Data records section start

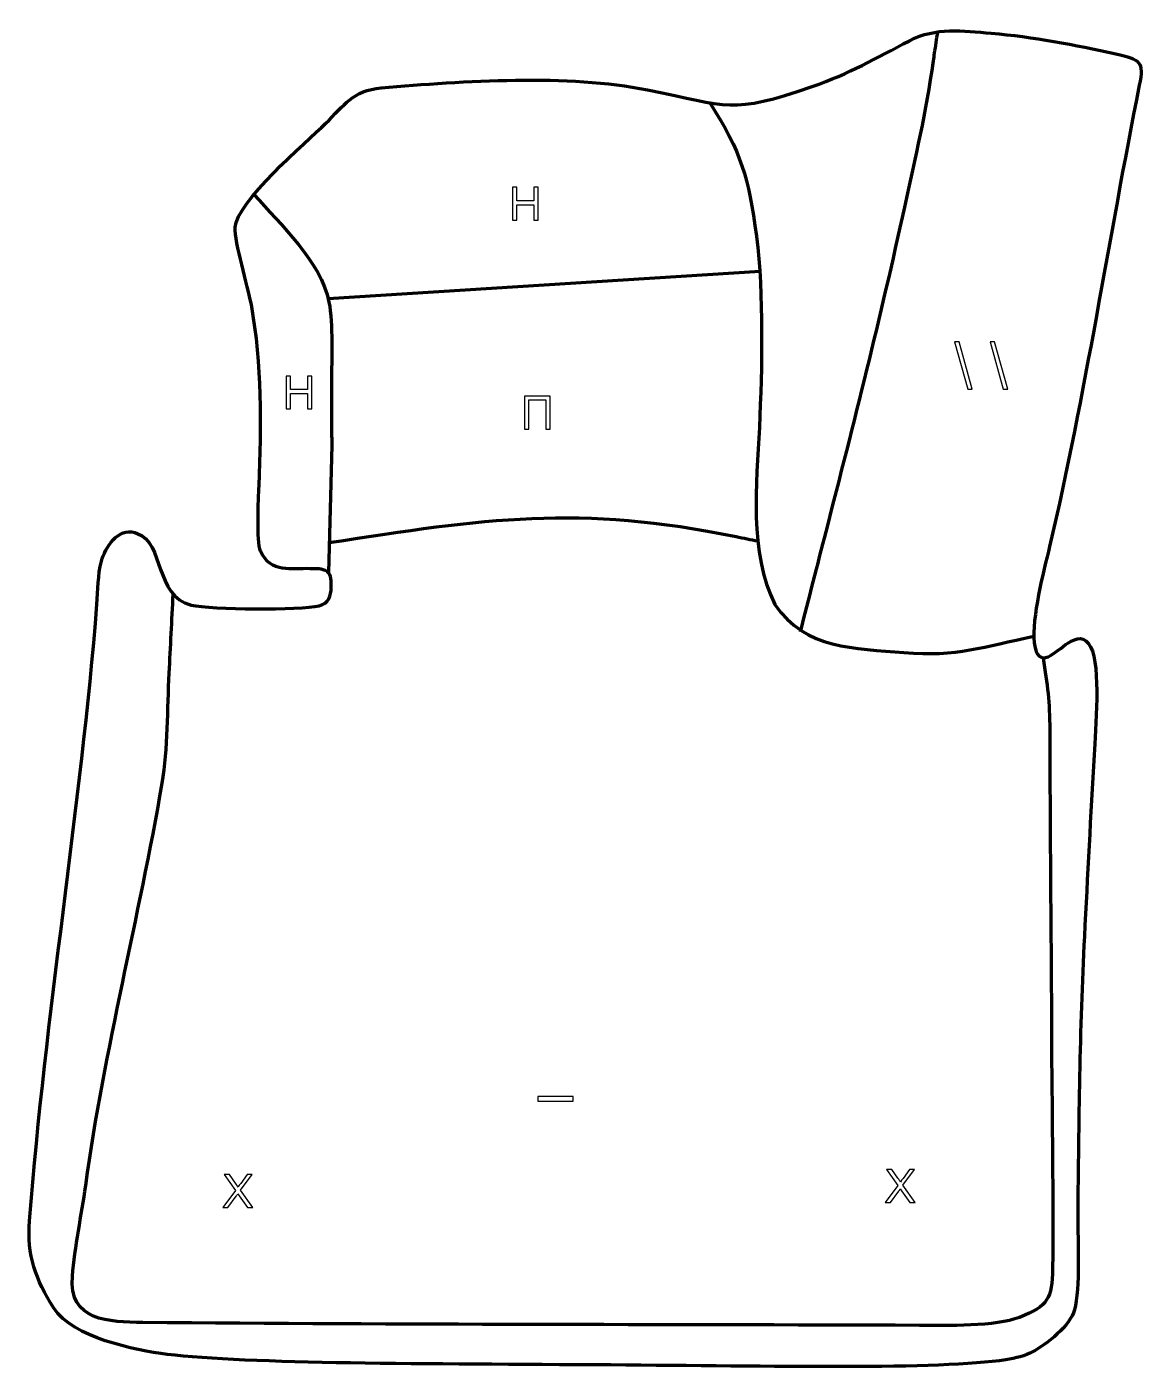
# Model space of a CAD drawing. Header units: millimetres. Extents: x 892 to 1509, y -60 to 682.
import ezdxf

# ---------------------------------------------------------------- set-up
doc = ezdxf.new("R2010")
doc.units = ezdxf.units.MM
doc.header["$MEASUREMENT"] = 0
doc.layers.add('layer 2', color=7, linetype='Continuous')
doc.layers.add('layer 3', color=7, linetype='Continuous')

msp = doc.modelspace()

# ---------------------------------------------------------------- linework, layer by layer
at = {"layer": 'layer 2', "color": 142, "lineweight": 158}
for points, knots in [([(1318.9543, 348.2276), (1323.679, 366.6544), (1328.4037, 385.0812), (1333.1283, 403.5081), (1333.1283, 403.5081), (1348.5397, 463.4611), (1363.4161, 522.3597), (1376.5867, 582.8919), (1376.5867, 582.8919), (1382.5797, 610.436), (1388.5222, 635.5433), (1392.4545, 663.6303), (1392.4545, 663.6303), (1392.6561, 665.0705), (1392.8627, 666.5093), (1393.0727, 667.9483), (1393.0727, 667.9483), (1393.6587, 671.8696), (1394.2447, 675.7909), (1394.8307, 679.7122)], [0, 0, 0, 0, 0.16666667, 0.16666667, 0.16666667, 0.16666667, 0.33333333, 0.33333333, 0.33333333, 0.33333333, 0.5, 0.5, 0.5, 0.5, 0.66666667, 0.66666667, 0.66666667, 0.66666667, 1, 1, 1, 1]), ([(1268.7799, 640.8697), (1286.4971, 612.7712), (1290.1541, 599.7016), (1294.6395, 566.8638), (1294.6395, 566.8638), (1298.7603, 534.0039), (1297.7115, 494.4622), (1296.3043, 461.1817), (1296.3043, 461.1817), (1294.7375, 430.2004), (1290.3439, 391.9726), (1304.8922, 363.3725), (1304.8922, 363.3725), (1321.7635, 338.4034), (1348.9056, 339.1882), (1376.1472, 336.8194), (1376.1472, 336.8194), (1405.4471, 334.2716), (1420.1985, 340.1299), (1447.9246, 345.8615)], [0, 0, 0, 0, 0.16666667, 0.16666667, 0.16666667, 0.16666667, 0.33333333, 0.33333333, 0.33333333, 0.33333333, 0.5, 0.5, 0.5, 0.5, 0.66666667, 0.66666667, 0.66666667, 0.66666667, 1, 1, 1, 1]), ([(1017.0562, 589.7802), (1031.5583, 573.3442), (1054.3031, 552.4878), (1058.5073, 530.4388), (1058.5073, 530.4388), (1060.8797, 517.9967), (1059.8713, 499.1312), (1059.91, 485.9497), (1059.91, 485.9497), (1059.9335, 477.9291), (1059.9554, 469.9085), (1059.9832, 461.8879), (1059.9832, 461.8879), (1059.994, 458.8803), (1060.0048, 455.8727), (1060.0156, 452.8651), (1060.0156, 452.8651), (1060.0156, 452.8651), (1060.021, 451.3613), (1060.021, 451.3613), (1060.021, 451.3613), (1060.021, 451.3613), (1058.1863, 380.8727), (1058.1863, 380.8727)], [0, 0, 0, 0, 0.14285714, 0.14285714, 0.14285714, 0.14285714, 0.28571429, 0.28571429, 0.28571429, 0.28571429, 0.42857143, 0.42857143, 0.42857143, 0.42857143, 0.57142857, 0.57142857, 0.57142857, 0.57142857, 0.71428571, 0.71428571, 0.71428571, 0.71428571, 1, 1, 1, 1]), ([(1058.6192, 397.5054), (1144.2264, 410.8561), (1196.7656, 418.6739), (1283.5412, 400.8434), (1283.5412, 400.8434), (1287.493, 400.0314), (1291.4441, 399.2219), (1295.3988, 398.4244)], [0, 0, 0, 0, 0.33333333, 0.33333333, 0.33333333, 0.33333333, 1, 1, 1, 1]), ([(1453.0169, 333.9526), (1455.4335, 318.6942), (1456.6508, 309.6976), (1456.6864, 294.0452), (1456.6864, 294.0452), (1456.8197, 235.5749), (1457.47, 177.1074), (1457.7042, 118.6376), (1457.7042, 118.6376), (1457.876, 78.016), (1458.7773, 37.0602), (1458.214, -3.5197), (1458.214, -3.5197), (1457.9867, -19.8957), (1455.8083, -24.3236), (1440.0702, -30.4878), (1440.0702, -30.4878), (1426.9599, -35.6227), (1399.7045, -34.9796), (1384.7631, -34.9227), (1384.7631, -34.9227), (1241.7519, -34.3836), (1098.6711, -34.6375), (955.672, -33.3091), (955.672, -33.3091), (937.1381, -33.1187), (914.5771, -32.5636), (916.7427, -7.676), (916.7427, -7.676), (918.141, 8.3938), (921.8497, 26.0313), (924.1117, 42.3239), (924.1117, 42.3239), (934.7143, 118.6938), (953.5078, 189.5332), (966.3967, 264.5485), (966.3967, 264.5485), (969.7258, 283.924), (969.2397, 305.5952), (970.2446, 325.4171), (970.2446, 325.4171), (970.9831, 339.9847), (971.7209, 354.5523), (972.4593, 369.1199)], [0, 0, 0, 0, 0.08333333, 0.08333333, 0.08333333, 0.08333333, 0.16666667, 0.16666667, 0.16666667, 0.16666667, 0.25, 0.25, 0.25, 0.25, 0.33333333, 0.33333333, 0.33333333, 0.33333333, 0.41666667, 0.41666667, 0.41666667, 0.41666667, 0.5, 0.5, 0.5, 0.5, 0.58333333, 0.58333333, 0.58333333, 0.58333333, 0.66666667, 0.66666667, 0.66666667, 0.66666667, 0.75, 0.75, 0.75, 0.75, 0.83333333, 0.83333333, 0.83333333, 0.83333333, 1, 1, 1, 1])]:
    msp.add_open_spline(points, degree=3, knots=knots, dxfattribs=at)
at = {"layer": 'layer 2', "color": 142}
for points, knots in [([(1159.9325, 575.6179), (1159.9325, 575.6179), (1159.9325, 593.8043), (1159.9325, 593.8043), (1159.9325, 593.8043), (1159.9325, 593.8043), (1162.3455, 593.8043), (1162.3455, 593.8043), (1162.3455, 593.8043), (1162.3455, 593.8043), (1162.3455, 586.3113), (1162.3455, 586.3113), (1162.3455, 586.3113), (1162.3455, 586.3113), (1171.7435, 586.3113), (1171.7435, 586.3113), (1171.7435, 586.3113), (1171.7435, 586.3113), (1171.7435, 593.8043), (1171.7435, 593.8043), (1171.7435, 593.8043), (1171.7435, 593.8043), (1174.1565, 593.8043), (1174.1565, 593.8043), (1174.1565, 593.8043), (1174.1565, 593.8043), (1174.1565, 575.6179), (1174.1565, 575.6179), (1174.1565, 575.6179), (1174.1565, 575.6179), (1171.7435, 575.6179), (1171.7435, 575.6179), (1171.7435, 575.6179), (1171.7435, 575.6179), (1171.7435, 584.1777), (1171.7435, 584.1777), (1171.7435, 584.1777), (1171.7435, 584.1777), (1162.3455, 584.1777), (1162.3455, 584.1777), (1162.3455, 584.1777), (1162.3455, 584.1777), (1162.3455, 575.6179), (1162.3455, 575.6179), (1162.3455, 575.6179), (1162.3455, 575.6179), (1159.9325, 575.6179), (1159.9325, 575.6179)], [0, 0, 0, 0, 0.07692308, 0.07692308, 0.07692308, 0.07692308, 0.15384615, 0.15384615, 0.15384615, 0.15384615, 0.23076923, 0.23076923, 0.23076923, 0.23076923, 0.30769231, 0.30769231, 0.30769231, 0.30769231, 0.38461538, 0.38461538, 0.38461538, 0.38461538, 0.46153846, 0.46153846, 0.46153846, 0.46153846, 0.53846154, 0.53846154, 0.53846154, 0.53846154, 0.61538462, 0.61538462, 0.61538462, 0.61538462, 0.69230769, 0.69230769, 0.69230769, 0.69230769, 0.76923077, 0.76923077, 0.76923077, 0.76923077, 0.84615385, 0.84615385, 0.84615385, 0.84615385, 1, 1, 1, 1]), ([(1411.4034, 482.3603), (1411.4034, 482.3603), (1404.1009, 508.4658), (1404.1009, 508.4658), (1404.1009, 508.4658), (1404.1009, 508.4658), (1406.5821, 508.4658), (1406.5821, 508.4658), (1406.5821, 508.4658), (1406.5821, 508.4658), (1413.8846, 482.3603), (1413.8846, 482.3603), (1413.8846, 482.3603), (1413.8846, 482.3603), (1411.4034, 482.3603), (1411.4034, 482.3603)], [0, 0, 0, 0, 0.2, 0.2, 0.2, 0.2, 0.4, 0.4, 0.4, 0.4, 0.6, 0.6, 0.6, 0.6, 1, 1, 1, 1]), ([(1431.006, 482.3603), (1431.006, 482.3603), (1423.7035, 508.4658), (1423.7035, 508.4658), (1423.7035, 508.4658), (1423.7035, 508.4658), (1426.1847, 508.4658), (1426.1847, 508.4658), (1426.1847, 508.4658), (1426.1847, 508.4658), (1433.4872, 482.3603), (1433.4872, 482.3603), (1433.4872, 482.3603), (1433.4872, 482.3603), (1431.006, 482.3603), (1431.006, 482.3603)], [0, 0, 0, 0, 0.2, 0.2, 0.2, 0.2, 0.4, 0.4, 0.4, 0.4, 0.6, 0.6, 0.6, 0.6, 1, 1, 1, 1]), ([(1034.7845, 471.3719), (1034.7845, 471.3719), (1034.7845, 489.5583), (1034.7845, 489.5583), (1034.7845, 489.5583), (1034.7845, 489.5583), (1037.1975, 489.5583), (1037.1975, 489.5583), (1037.1975, 489.5583), (1037.1975, 489.5583), (1037.1975, 482.0653), (1037.1975, 482.0653), (1037.1975, 482.0653), (1037.1975, 482.0653), (1046.5955, 482.0653), (1046.5955, 482.0653), (1046.5955, 482.0653), (1046.5955, 482.0653), (1046.5955, 489.5583), (1046.5955, 489.5583), (1046.5955, 489.5583), (1046.5955, 489.5583), (1049.0085, 489.5583), (1049.0085, 489.5583), (1049.0085, 489.5583), (1049.0085, 489.5583), (1049.0085, 471.3719), (1049.0085, 471.3719), (1049.0085, 471.3719), (1049.0085, 471.3719), (1046.5955, 471.3719), (1046.5955, 471.3719), (1046.5955, 471.3719), (1046.5955, 471.3719), (1046.5955, 479.9317), (1046.5955, 479.9317), (1046.5955, 479.9317), (1046.5955, 479.9317), (1037.1975, 479.9317), (1037.1975, 479.9317), (1037.1975, 479.9317), (1037.1975, 479.9317), (1037.1975, 471.3719), (1037.1975, 471.3719), (1037.1975, 471.3719), (1037.1975, 471.3719), (1034.7845, 471.3719), (1034.7845, 471.3719)], [0, 0, 0, 0, 0.07692308, 0.07692308, 0.07692308, 0.07692308, 0.15384615, 0.15384615, 0.15384615, 0.15384615, 0.23076923, 0.23076923, 0.23076923, 0.23076923, 0.30769231, 0.30769231, 0.30769231, 0.30769231, 0.38461538, 0.38461538, 0.38461538, 0.38461538, 0.46153846, 0.46153846, 0.46153846, 0.46153846, 0.53846154, 0.53846154, 0.53846154, 0.53846154, 0.61538462, 0.61538462, 0.61538462, 0.61538462, 0.69230769, 0.69230769, 0.69230769, 0.69230769, 0.76923077, 0.76923077, 0.76923077, 0.76923077, 0.84615385, 0.84615385, 0.84615385, 0.84615385, 1, 1, 1, 1]), ([(1166.521, 478.4457), (1166.521, 478.4457), (1180.7958, 478.4457), (1180.7958, 478.4457), (1180.7958, 478.4457), (1180.7958, 478.4457), (1180.7958, 460.2593), (1180.7958, 460.2593), (1180.7958, 460.2593), (1180.7958, 460.2593), (1178.3828, 460.2593), (1178.3828, 460.2593), (1178.3828, 460.2593), (1178.3828, 460.2593), (1178.3828, 476.3121), (1178.3828, 476.3121), (1178.3828, 476.3121), (1178.3828, 476.3121), (1168.934, 476.3121), (1168.934, 476.3121), (1168.934, 476.3121), (1168.934, 476.3121), (1168.934, 460.2593), (1168.934, 460.2593), (1168.934, 460.2593), (1168.934, 460.2593), (1166.521, 460.2593), (1166.521, 460.2593), (1166.521, 460.2593), (1166.521, 460.2593), (1166.521, 478.4457), (1166.521, 478.4457)], [0, 0, 0, 0, 0.11111111, 0.11111111, 0.11111111, 0.11111111, 0.22222222, 0.22222222, 0.22222222, 0.22222222, 0.33333333, 0.33333333, 0.33333333, 0.33333333, 0.44444444, 0.44444444, 0.44444444, 0.44444444, 0.55555556, 0.55555556, 0.55555556, 0.55555556, 0.66666667, 0.66666667, 0.66666667, 0.66666667, 0.77777778, 0.77777778, 0.77777778, 0.77777778, 1, 1, 1, 1]), ([(1173.9227, 88.9517), (1173.9227, 88.9517), (1173.9227, 91.4565), (1173.9227, 91.4565), (1173.9227, 91.4565), (1173.9227, 91.4565), (1193.5019, 91.4565), (1193.5019, 91.4565), (1193.5019, 91.4565), (1193.5019, 91.4565), (1193.5019, 88.9517), (1193.5019, 88.9517), (1193.5019, 88.9517), (1193.5019, 88.9517), (1173.9227, 88.9517), (1173.9227, 88.9517)], [0, 0, 0, 0, 0.2, 0.2, 0.2, 0.2, 0.4, 0.4, 0.4, 0.4, 0.6, 0.6, 0.6, 0.6, 1, 1, 1, 1]), ([(999.8297, 30.178), (999.8297, 30.178), (1006.857, 39.6141), (1006.857, 39.6141), (1006.857, 39.6141), (1006.857, 39.6141), (1000.6679, 48.3644), (1000.6679, 48.3644), (1000.6679, 48.3644), (1000.6679, 48.3644), (1003.5338, 48.3644), (1003.5338, 48.3644), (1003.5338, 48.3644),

Data records section end

# [Problem]
Given the records above, restate word for word only the lines starting at the one with "doc.layers.add('layer 2', color=7, linetype='Continuous')" and ending at the one with "layer by layer".

# [Result below]
doc.layers.add('layer 2', color=7, linetype='Continuous')
doc.layers.add('layer 3', color=7, linetype='Continuous')

msp = doc.modelspace()

# ---------------------------------------------------------------- linework, layer by layer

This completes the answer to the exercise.